__Directions for this task__. The "Hole(TAP_DRILL_FOR_M3X0_5_TAP1_D / 2)" line through the end of the listing below is what to set down, word for word, and nothing else.

◇ ◇ ◇

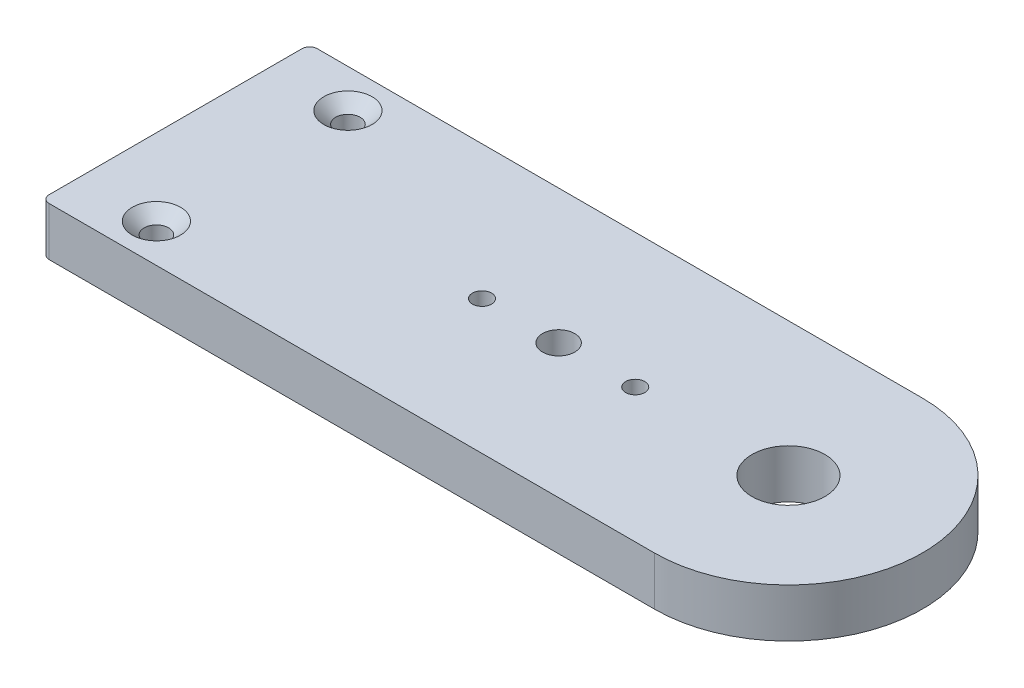
from build123d import *

# Parameters (mm, degrees)
SKETCH2_R                                       = 4.7625
BOSS_EXTRUDE1_DEPTH                             = 6.35
CSK_FOR_M3_FLAT_HEAD_MACHINE_SCREW1_D           = 3.2
CSK_FOR_M3_FLAT_HEAD_MACHINE_SCREW1_CSINK_D     = 6.3
CSK_FOR_M3_FLAT_HEAD_MACHINE_SCREW1_CSINK_ANGLE = 90
TAP_DRILL_FOR_M3X0_5_TAP1_D                     = 2.5
FILLET1_R                                       = 1
TAP_DRILL_FOR_M5X0_8_TAP1_D                     = 4.2


with BuildPart() as part:
    # Sketch2 → Boss-Extrude1 (new body)
    with BuildSketch(Plane(origin=(0, 0, 0), x_dir=(1, 0, 0), z_dir=(0, 1, 0))):
        with BuildLine():
            Line((70, 17.5), (-10, 17.5))
            Line((-10, 17.5), (-10, -17.5))
            Line((-10, -17.5), (70, -17.5))
            ThreePointArc((70, -17.5), (87.5, 0), (70, 17.5))
        make_face()
        with Locations((70, 0)):
            Circle(SKETCH2_R, mode=Mode.SUBTRACT)
    extrude(amount=-BOSS_EXTRUDE1_DEPTH)

    # CSK for M3 Flat Head Machine Screw1 (through all)
    with Locations(Plane(origin=(0, 0, -12.5), x_dir=(0, 0, 1), z_dir=(0, 1, 0))):
        with Locations((0, 0), (25, 0)):
            CounterSinkHole(CSK_FOR_M3_FLAT_HEAD_MACHINE_SCREW1_D / 2, CSK_FOR_M3_FLAT_HEAD_MACHINE_SCREW1_CSINK_D / 2, counter_sink_angle=CSK_FOR_M3_FLAT_HEAD_MACHINE_SCREW1_CSINK_ANGLE)

    # Tap Drill for M3x0.5 Tap1 (through all)
    with Locations(Plane(origin=(30, 0, 0), x_dir=(0, 0, 1), z_dir=(0, 1, 0))):
        with Locations((0, 0), (0, 20)):
            Hole(TAP_DRILL_FOR_M3X0_5_TAP1_D / 2)

    # Fillet1
    fillet1_edges = [part.edges().sort_by_distance(p)[0] for p in [
        (-10, -3.175, 17.5),
        (-10, -3.175, -17.5),
    ]]
    fillet(fillet1_edges, radius=FILLET1_R)

    # Tap Drill for M5x0.8 Tap1 (through all)
    with Locations(Plane(origin=(40, 0, 0), x_dir=(0, 0, 1), z_dir=(0, 1, 0))):
        with Locations((0, 0)):
            Hole(TAP_DRILL_FOR_M5X0_8_TAP1_D / 2)


solid = part.part

◇ ◇ ◇

__Solution to this exercise__.
            Hole(TAP_DRILL_FOR_M3X0_5_TAP1_D / 2)

    # Fillet1
    fillet1_edges = [part.edges().sort_by_distance(p)[0] for p in [
        (-10, -3.175, 17.5),
        (-10, -3.175, -17.5),
    ]]
    fillet(fillet1_edges, radius=FILLET1_R)

    # Tap Drill for M5x0.8 Tap1 (through all)
    with Locations(Plane(origin=(40, 0, 0), x_dir=(0, 0, 1), z_dir=(0, 1, 0))):
        with Locations((0, 0)):
            Hole(TAP_DRILL_FOR_M5X0_8_TAP1_D / 2)


solid = part.part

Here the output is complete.